_Aim of the task_
Repeat only the stretch of lines below that runs from the line with "note: Texture Resources for Light" through the line with "Light_ID : Constant", unaltered.

_Material provided_
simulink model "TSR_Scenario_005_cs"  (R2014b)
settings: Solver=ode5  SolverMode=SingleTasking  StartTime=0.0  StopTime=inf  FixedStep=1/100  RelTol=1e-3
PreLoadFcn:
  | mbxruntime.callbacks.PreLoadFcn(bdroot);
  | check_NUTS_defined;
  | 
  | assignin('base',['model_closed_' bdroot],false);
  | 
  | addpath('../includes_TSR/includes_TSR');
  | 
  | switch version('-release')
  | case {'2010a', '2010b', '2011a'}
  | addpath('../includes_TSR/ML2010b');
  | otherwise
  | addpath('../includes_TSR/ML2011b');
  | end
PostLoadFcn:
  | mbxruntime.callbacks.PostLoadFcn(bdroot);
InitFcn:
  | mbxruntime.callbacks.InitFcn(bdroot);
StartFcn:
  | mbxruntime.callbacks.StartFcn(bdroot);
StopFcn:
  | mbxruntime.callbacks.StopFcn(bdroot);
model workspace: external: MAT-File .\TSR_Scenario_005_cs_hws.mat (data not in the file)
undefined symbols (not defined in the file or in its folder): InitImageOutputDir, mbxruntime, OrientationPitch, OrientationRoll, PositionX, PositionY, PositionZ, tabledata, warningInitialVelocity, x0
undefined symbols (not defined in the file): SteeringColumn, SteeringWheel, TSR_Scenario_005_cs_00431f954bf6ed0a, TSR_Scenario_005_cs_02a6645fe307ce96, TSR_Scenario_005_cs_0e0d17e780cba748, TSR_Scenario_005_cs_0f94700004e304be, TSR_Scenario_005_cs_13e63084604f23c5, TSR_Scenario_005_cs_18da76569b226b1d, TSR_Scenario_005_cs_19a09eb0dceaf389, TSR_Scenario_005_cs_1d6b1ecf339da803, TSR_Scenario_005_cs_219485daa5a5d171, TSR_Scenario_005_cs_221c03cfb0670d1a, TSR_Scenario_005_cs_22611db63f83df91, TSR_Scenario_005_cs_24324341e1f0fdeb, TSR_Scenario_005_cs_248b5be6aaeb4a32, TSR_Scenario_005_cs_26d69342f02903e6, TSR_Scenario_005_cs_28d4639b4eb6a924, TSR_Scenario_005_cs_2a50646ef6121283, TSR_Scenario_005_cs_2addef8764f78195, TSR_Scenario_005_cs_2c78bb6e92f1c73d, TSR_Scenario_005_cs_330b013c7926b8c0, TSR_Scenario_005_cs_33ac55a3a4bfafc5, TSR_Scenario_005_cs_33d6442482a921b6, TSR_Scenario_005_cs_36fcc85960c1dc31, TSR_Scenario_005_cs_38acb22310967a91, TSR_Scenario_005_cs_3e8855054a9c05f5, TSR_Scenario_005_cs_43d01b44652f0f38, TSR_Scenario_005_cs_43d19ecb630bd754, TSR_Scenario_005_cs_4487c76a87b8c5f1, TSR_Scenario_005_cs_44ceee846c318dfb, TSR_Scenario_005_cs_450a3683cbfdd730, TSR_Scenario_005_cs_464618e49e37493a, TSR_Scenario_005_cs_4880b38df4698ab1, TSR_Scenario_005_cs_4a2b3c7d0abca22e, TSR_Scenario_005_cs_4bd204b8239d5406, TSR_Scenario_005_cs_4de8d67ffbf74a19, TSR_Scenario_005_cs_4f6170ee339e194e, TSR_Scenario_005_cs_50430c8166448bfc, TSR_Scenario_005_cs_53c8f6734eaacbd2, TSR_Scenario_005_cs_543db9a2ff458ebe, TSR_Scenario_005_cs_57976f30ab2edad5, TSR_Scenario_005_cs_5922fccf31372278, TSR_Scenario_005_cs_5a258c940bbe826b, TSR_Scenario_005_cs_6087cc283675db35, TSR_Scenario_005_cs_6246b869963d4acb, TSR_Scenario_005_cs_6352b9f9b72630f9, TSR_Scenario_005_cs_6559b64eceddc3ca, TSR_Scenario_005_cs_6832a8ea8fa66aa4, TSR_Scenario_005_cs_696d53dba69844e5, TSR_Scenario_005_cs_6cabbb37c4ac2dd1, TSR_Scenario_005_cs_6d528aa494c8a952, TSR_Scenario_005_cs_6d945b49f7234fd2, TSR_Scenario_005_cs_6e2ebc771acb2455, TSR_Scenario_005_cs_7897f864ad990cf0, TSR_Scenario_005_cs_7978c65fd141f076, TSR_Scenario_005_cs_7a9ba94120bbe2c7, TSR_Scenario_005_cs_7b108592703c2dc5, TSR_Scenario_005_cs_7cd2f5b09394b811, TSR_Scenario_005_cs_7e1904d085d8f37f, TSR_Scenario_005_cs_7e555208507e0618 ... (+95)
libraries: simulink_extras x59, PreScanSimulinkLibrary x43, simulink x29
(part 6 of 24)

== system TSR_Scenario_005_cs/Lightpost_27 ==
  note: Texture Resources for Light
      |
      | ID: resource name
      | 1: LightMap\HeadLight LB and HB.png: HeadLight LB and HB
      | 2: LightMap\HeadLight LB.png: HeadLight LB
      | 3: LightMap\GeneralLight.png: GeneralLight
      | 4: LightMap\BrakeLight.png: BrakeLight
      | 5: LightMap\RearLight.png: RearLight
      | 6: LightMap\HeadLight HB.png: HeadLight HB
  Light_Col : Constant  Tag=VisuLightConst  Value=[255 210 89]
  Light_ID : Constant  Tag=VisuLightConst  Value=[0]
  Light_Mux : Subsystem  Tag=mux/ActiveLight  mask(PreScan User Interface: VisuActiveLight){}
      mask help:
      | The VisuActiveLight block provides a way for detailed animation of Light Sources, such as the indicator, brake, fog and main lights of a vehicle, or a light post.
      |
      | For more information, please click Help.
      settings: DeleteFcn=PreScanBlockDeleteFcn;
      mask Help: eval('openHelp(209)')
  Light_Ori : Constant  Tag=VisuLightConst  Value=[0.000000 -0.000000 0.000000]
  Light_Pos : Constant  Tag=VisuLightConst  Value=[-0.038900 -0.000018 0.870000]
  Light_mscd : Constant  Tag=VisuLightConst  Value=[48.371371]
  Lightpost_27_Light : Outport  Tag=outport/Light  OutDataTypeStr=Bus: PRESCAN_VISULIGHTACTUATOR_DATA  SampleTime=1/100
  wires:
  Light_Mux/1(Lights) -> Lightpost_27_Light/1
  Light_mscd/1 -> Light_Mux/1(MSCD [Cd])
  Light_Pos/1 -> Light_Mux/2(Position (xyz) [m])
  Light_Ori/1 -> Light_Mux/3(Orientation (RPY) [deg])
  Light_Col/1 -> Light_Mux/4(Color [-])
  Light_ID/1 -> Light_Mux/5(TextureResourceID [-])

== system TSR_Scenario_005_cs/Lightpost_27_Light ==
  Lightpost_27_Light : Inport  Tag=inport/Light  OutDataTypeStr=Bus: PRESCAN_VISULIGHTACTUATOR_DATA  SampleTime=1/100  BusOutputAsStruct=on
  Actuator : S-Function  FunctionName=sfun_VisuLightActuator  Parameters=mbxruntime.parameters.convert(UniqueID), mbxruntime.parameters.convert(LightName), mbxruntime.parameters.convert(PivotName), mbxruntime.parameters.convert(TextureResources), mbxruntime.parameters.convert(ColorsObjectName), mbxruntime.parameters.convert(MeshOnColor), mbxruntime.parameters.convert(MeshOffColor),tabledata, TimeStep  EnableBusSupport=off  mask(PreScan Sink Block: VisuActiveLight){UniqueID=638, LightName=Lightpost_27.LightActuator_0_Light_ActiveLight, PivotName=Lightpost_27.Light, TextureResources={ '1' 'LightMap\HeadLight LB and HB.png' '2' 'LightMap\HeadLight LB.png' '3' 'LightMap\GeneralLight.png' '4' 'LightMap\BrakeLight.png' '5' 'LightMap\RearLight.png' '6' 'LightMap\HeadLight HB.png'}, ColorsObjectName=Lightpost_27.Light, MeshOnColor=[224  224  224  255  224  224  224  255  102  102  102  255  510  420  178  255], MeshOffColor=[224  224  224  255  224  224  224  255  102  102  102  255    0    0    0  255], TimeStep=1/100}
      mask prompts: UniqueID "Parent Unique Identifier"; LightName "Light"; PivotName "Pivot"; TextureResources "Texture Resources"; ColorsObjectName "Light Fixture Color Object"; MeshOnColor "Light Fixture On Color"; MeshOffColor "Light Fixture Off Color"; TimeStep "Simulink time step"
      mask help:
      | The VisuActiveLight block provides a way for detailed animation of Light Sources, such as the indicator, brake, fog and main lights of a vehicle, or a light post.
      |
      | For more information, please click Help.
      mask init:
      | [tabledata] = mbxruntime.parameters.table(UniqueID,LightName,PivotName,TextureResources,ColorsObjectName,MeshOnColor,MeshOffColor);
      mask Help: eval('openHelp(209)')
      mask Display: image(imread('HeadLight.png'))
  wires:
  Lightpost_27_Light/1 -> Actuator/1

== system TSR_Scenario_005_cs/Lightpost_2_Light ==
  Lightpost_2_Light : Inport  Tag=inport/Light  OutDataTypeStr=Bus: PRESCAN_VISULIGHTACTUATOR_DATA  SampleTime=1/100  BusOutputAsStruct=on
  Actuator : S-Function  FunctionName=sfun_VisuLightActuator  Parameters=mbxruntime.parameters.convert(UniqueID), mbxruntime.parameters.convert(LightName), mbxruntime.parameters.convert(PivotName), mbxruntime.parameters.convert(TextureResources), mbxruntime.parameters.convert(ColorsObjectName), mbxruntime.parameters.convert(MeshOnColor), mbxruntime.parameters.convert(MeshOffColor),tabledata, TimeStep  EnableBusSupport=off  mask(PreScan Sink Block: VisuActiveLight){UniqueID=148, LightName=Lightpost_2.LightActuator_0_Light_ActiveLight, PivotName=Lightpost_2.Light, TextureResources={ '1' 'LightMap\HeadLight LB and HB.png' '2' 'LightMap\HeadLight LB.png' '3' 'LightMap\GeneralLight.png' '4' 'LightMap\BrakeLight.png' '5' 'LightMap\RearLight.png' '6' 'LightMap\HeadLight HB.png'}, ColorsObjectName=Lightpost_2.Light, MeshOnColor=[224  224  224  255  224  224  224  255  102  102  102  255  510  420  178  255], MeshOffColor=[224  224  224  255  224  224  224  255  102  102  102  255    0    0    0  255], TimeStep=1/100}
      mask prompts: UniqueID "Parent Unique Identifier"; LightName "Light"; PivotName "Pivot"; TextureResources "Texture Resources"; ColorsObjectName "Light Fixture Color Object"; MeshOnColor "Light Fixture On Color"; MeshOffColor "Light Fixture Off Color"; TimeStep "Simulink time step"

_Written solution_
  note: Texture Resources for Light
      |
      | ID: resource name
      | 1: LightMap\HeadLight LB and HB.png: HeadLight LB and HB
      | 2: LightMap\HeadLight LB.png: HeadLight LB
      | 3: LightMap\GeneralLight.png: GeneralLight
      | 4: LightMap\BrakeLight.png: BrakeLight
      | 5: LightMap\RearLight.png: RearLight
      | 6: LightMap\HeadLight HB.png: HeadLight HB
  Light_Col : Constant  Tag=VisuLightConst  Value=[255 210 89]
  Light_ID : Constant  Tag=VisuLightConst  Value=[0]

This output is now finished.